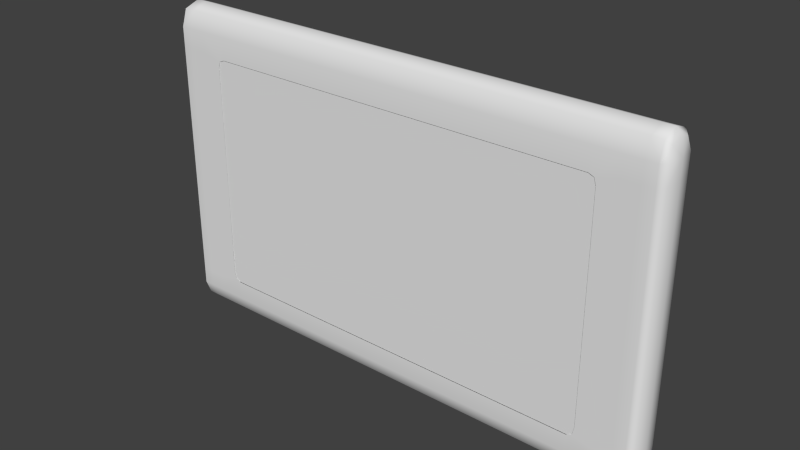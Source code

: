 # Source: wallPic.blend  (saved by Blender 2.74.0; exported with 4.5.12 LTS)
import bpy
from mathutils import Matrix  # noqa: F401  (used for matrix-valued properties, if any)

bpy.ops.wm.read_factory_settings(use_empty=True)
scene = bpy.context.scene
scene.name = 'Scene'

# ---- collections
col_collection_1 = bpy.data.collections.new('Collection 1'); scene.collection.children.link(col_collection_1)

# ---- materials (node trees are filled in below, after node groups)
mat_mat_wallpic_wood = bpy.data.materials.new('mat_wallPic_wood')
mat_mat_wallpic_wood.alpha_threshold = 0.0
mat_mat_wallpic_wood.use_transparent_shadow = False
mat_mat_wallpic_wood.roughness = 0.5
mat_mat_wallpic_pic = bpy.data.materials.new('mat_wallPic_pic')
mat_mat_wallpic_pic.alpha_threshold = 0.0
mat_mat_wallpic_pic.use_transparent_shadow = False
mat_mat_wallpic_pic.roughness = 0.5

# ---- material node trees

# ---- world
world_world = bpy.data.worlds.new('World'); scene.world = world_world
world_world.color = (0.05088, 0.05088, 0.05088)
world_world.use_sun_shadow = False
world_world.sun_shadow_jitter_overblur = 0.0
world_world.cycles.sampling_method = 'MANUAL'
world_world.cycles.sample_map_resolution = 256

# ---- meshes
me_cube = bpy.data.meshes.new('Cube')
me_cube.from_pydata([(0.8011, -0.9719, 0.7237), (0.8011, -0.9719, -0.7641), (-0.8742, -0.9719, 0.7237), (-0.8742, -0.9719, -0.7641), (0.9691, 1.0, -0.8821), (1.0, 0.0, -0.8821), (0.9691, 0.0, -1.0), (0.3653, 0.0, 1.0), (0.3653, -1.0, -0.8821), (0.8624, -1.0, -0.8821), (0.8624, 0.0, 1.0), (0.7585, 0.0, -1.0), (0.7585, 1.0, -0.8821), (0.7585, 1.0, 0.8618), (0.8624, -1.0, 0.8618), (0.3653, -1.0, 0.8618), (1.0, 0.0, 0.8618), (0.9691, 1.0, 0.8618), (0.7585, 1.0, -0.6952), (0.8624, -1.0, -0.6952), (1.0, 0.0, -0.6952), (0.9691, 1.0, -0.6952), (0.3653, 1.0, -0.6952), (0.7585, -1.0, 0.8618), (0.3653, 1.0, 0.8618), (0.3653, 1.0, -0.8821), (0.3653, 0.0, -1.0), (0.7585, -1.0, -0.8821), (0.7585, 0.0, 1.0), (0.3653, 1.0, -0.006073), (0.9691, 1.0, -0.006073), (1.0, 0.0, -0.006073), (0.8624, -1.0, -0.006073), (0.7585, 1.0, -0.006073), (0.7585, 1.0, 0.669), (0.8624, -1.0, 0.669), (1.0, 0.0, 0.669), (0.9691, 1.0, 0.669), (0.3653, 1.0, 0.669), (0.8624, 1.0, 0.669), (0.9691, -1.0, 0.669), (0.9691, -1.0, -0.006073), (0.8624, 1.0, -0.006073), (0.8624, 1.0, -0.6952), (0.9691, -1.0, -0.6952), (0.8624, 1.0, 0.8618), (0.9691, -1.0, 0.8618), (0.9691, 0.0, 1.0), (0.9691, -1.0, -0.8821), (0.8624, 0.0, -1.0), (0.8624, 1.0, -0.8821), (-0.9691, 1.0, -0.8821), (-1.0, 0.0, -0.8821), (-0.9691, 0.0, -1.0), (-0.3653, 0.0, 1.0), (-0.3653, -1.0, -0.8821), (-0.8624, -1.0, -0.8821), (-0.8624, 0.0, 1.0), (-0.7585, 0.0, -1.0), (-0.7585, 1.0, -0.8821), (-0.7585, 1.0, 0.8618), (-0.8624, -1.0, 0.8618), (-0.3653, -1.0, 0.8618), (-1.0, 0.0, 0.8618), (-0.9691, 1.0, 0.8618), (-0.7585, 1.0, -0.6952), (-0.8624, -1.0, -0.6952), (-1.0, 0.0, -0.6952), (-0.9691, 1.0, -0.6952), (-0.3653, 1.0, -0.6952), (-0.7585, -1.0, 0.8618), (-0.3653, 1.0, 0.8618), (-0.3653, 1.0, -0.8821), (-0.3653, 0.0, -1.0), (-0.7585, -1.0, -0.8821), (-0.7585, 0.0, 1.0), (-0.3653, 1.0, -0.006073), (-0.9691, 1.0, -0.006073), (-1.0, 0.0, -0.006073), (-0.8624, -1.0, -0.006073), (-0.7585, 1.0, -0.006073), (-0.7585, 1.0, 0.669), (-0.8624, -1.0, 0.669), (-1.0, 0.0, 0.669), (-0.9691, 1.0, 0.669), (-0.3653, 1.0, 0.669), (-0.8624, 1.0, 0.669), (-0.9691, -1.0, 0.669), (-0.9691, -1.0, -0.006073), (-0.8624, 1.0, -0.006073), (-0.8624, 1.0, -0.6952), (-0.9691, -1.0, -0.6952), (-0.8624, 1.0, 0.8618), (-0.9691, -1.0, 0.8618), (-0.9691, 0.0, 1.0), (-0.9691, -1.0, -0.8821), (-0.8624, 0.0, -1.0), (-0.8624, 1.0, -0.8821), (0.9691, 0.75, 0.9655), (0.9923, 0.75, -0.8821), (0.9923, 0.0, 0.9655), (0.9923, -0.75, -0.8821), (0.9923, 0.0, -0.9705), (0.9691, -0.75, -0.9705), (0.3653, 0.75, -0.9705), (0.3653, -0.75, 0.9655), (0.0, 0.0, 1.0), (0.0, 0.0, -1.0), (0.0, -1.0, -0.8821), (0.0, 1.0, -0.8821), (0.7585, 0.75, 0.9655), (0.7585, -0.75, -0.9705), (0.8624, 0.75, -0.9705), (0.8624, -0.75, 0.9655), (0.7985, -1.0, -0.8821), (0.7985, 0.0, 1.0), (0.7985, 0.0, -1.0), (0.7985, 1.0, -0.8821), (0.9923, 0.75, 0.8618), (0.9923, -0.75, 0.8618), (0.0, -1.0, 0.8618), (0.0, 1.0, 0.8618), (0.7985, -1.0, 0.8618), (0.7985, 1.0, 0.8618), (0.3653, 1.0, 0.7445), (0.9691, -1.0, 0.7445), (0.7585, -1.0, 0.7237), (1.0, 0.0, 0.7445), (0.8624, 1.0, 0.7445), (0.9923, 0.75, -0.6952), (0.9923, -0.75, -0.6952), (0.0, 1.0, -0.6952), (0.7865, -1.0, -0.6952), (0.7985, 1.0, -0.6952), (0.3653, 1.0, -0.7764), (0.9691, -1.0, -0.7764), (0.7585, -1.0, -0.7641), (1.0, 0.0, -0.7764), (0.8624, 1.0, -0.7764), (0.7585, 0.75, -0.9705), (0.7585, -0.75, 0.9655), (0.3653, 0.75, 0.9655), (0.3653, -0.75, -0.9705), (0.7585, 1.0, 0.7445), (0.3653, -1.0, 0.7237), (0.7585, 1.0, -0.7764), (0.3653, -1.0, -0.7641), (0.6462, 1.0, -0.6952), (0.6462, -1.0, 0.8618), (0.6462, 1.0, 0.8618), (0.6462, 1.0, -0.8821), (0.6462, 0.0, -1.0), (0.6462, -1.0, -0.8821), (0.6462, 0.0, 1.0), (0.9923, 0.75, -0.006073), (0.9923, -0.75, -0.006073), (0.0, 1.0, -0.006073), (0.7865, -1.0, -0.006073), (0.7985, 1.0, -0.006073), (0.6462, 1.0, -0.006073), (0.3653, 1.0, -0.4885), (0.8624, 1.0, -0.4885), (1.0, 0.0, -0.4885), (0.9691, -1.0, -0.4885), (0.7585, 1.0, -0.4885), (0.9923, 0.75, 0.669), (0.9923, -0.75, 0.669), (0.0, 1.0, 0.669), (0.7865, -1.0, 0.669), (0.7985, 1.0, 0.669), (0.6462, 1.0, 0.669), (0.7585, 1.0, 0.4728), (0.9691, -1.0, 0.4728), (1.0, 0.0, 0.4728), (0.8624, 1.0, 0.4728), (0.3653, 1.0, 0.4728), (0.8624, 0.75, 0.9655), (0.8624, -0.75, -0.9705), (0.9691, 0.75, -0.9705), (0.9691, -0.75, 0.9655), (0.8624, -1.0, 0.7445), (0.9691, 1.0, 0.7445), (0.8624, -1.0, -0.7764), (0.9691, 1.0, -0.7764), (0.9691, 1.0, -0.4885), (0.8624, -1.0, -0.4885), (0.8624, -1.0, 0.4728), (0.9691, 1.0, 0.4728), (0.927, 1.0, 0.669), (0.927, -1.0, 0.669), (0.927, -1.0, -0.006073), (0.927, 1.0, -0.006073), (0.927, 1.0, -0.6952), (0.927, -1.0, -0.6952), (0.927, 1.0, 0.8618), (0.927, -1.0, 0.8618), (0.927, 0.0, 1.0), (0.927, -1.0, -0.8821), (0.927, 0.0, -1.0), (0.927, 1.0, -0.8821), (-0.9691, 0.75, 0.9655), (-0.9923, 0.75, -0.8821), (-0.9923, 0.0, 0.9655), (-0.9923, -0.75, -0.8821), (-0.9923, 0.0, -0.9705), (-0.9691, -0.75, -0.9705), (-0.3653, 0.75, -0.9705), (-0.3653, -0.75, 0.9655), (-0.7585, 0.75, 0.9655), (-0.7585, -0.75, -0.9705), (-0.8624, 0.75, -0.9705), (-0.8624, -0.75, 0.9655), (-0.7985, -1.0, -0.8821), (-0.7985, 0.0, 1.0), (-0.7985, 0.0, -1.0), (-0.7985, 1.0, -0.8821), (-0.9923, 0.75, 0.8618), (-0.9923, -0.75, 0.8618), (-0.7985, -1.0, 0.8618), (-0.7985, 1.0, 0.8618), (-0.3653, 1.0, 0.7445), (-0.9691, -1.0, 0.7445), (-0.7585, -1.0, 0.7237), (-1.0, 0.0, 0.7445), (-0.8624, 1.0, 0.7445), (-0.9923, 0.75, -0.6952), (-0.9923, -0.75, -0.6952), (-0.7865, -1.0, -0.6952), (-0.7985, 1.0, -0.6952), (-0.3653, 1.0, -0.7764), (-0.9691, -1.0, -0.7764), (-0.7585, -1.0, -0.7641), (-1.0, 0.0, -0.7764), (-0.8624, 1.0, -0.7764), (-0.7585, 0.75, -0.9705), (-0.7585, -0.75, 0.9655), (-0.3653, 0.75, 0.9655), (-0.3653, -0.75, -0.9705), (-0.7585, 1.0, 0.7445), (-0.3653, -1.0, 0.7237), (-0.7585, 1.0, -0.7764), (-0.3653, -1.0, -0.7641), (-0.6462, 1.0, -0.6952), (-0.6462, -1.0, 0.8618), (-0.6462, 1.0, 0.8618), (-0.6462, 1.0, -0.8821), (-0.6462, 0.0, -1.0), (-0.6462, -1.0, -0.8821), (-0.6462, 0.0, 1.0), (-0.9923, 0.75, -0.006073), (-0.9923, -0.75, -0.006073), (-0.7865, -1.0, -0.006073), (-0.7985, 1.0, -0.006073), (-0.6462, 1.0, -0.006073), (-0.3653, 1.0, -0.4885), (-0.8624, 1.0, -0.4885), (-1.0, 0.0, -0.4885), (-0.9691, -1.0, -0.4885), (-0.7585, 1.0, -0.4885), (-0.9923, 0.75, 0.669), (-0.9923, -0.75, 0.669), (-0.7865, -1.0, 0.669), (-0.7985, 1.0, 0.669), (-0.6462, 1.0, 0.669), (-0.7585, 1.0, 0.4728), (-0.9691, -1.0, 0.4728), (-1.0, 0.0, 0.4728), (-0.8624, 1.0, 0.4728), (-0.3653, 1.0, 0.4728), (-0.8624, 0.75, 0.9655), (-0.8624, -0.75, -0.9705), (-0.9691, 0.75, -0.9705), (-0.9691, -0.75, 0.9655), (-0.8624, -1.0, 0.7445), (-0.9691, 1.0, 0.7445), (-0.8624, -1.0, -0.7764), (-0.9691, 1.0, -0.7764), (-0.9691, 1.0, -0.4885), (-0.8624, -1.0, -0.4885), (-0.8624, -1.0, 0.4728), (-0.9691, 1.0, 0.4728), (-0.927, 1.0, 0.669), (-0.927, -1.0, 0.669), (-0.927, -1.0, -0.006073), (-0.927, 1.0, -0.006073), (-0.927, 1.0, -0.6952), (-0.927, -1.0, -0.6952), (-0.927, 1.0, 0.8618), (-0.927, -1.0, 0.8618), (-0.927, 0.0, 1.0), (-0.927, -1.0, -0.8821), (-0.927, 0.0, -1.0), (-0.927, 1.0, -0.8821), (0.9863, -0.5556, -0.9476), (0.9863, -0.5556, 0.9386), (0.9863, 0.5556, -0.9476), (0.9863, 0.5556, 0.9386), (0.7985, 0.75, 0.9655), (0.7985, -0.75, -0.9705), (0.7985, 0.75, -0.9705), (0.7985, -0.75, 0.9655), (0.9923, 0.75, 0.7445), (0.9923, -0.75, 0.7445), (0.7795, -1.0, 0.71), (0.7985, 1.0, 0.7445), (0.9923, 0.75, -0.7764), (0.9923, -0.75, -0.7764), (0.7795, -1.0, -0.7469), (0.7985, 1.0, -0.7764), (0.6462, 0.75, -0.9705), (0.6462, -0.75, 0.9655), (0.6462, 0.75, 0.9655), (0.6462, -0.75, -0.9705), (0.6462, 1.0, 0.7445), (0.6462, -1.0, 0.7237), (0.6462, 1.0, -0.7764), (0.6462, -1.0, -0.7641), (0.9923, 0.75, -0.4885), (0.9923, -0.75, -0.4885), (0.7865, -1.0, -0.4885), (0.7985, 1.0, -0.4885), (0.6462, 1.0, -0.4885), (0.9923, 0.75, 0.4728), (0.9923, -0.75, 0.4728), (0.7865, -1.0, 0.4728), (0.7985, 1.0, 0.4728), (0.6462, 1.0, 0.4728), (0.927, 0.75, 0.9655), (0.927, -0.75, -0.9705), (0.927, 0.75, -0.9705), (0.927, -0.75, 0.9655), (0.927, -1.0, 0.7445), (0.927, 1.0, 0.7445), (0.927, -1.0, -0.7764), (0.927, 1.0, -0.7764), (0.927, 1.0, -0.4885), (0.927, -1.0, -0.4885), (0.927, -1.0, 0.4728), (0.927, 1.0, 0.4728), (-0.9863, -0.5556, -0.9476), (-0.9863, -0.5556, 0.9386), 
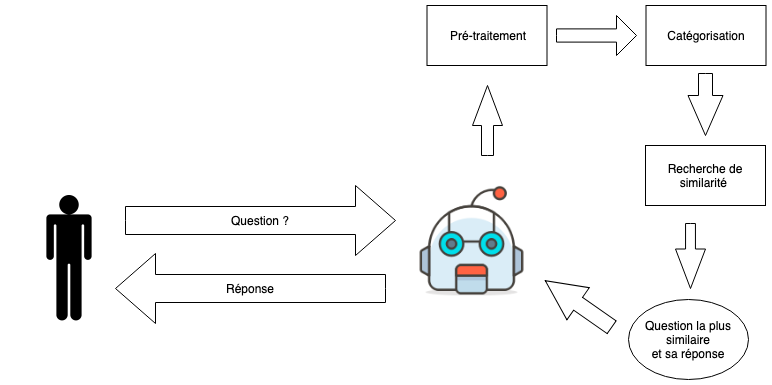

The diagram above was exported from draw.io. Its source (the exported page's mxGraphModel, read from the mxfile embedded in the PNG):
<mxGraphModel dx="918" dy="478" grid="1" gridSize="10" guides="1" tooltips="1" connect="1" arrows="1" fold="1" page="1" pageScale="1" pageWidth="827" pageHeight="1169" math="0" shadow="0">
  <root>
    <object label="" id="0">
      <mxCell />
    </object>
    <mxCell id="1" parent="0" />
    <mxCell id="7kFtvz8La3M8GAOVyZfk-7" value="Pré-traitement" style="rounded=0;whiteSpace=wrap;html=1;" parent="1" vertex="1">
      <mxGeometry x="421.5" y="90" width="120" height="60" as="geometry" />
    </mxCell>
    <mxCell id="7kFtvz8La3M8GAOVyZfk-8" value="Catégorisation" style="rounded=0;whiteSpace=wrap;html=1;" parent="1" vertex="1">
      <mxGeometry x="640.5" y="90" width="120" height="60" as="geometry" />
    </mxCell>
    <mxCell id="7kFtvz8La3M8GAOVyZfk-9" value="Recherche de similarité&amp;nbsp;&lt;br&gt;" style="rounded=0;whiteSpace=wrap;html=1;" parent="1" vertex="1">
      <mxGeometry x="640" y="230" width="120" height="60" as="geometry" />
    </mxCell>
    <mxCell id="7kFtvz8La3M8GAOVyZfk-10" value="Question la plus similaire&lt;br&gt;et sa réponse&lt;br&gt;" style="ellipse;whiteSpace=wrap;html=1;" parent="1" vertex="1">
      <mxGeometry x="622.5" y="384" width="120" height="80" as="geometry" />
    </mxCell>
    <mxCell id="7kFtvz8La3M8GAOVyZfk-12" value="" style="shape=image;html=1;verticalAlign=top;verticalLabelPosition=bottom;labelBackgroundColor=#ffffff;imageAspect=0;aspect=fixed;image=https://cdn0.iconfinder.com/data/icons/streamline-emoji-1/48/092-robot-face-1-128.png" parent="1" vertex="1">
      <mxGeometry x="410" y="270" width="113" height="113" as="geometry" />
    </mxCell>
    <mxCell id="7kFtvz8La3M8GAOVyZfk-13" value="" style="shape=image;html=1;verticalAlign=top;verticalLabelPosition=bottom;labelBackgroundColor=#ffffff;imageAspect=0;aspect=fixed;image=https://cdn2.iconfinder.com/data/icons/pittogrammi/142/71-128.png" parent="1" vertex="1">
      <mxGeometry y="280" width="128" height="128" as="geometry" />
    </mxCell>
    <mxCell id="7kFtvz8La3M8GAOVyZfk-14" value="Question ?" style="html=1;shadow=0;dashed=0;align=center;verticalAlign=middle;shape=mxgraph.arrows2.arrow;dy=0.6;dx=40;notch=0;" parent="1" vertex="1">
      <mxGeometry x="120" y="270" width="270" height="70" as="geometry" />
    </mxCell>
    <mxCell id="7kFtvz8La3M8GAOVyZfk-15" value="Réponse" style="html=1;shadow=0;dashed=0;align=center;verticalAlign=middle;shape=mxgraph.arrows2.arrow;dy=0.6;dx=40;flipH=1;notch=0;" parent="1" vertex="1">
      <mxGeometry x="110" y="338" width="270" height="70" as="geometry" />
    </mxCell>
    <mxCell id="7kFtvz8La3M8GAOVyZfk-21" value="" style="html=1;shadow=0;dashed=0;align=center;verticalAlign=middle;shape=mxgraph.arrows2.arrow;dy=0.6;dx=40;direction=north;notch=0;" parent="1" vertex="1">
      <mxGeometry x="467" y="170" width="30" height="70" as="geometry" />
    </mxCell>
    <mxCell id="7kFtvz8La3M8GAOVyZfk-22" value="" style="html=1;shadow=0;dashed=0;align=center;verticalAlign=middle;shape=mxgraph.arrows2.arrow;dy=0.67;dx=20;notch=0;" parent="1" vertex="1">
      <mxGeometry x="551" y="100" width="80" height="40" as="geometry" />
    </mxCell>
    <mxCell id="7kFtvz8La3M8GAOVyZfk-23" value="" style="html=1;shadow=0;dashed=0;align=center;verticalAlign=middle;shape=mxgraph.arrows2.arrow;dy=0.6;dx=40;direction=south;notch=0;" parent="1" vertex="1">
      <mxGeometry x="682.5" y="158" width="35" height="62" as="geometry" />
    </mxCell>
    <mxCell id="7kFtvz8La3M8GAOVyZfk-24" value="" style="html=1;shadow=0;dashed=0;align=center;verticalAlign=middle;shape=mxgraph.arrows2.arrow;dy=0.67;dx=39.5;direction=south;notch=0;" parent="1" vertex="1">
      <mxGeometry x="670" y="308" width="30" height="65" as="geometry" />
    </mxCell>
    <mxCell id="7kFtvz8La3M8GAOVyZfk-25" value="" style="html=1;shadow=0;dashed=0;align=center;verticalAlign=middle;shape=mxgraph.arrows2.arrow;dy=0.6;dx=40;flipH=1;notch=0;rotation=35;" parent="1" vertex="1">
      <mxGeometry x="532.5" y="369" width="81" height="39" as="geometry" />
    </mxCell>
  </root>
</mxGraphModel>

→ **TASK PROMPT**
Go through the material and report each line that holds the string "aspect".

→ **FINAL ANSWER**
    <mxCell id="7kFtvz8La3M8GAOVyZfk-12" value="" style="shape=image;html=1;verticalAlign=top;verticalLabelPosition=bottom;labelBackgroundColor=#ffffff;imageAspect=0;aspect=fixed;image=https://cdn0.iconfinder.com/data/icons/streamline-emoji-1/48/092-robot-face-1-128.png" parent="1" vertex="1">
    <mxCell id="7kFtvz8La3M8GAOVyZfk-13" value="" style="shape=image;html=1;verticalAlign=top;verticalLabelPosition=bottom;labelBackgroundColor=#ffffff;imageAspect=0;aspect=fixed;image=https://cdn2.iconfinder.com/data/icons/pittogrammi/142/71-128.png" parent="1" vertex="1">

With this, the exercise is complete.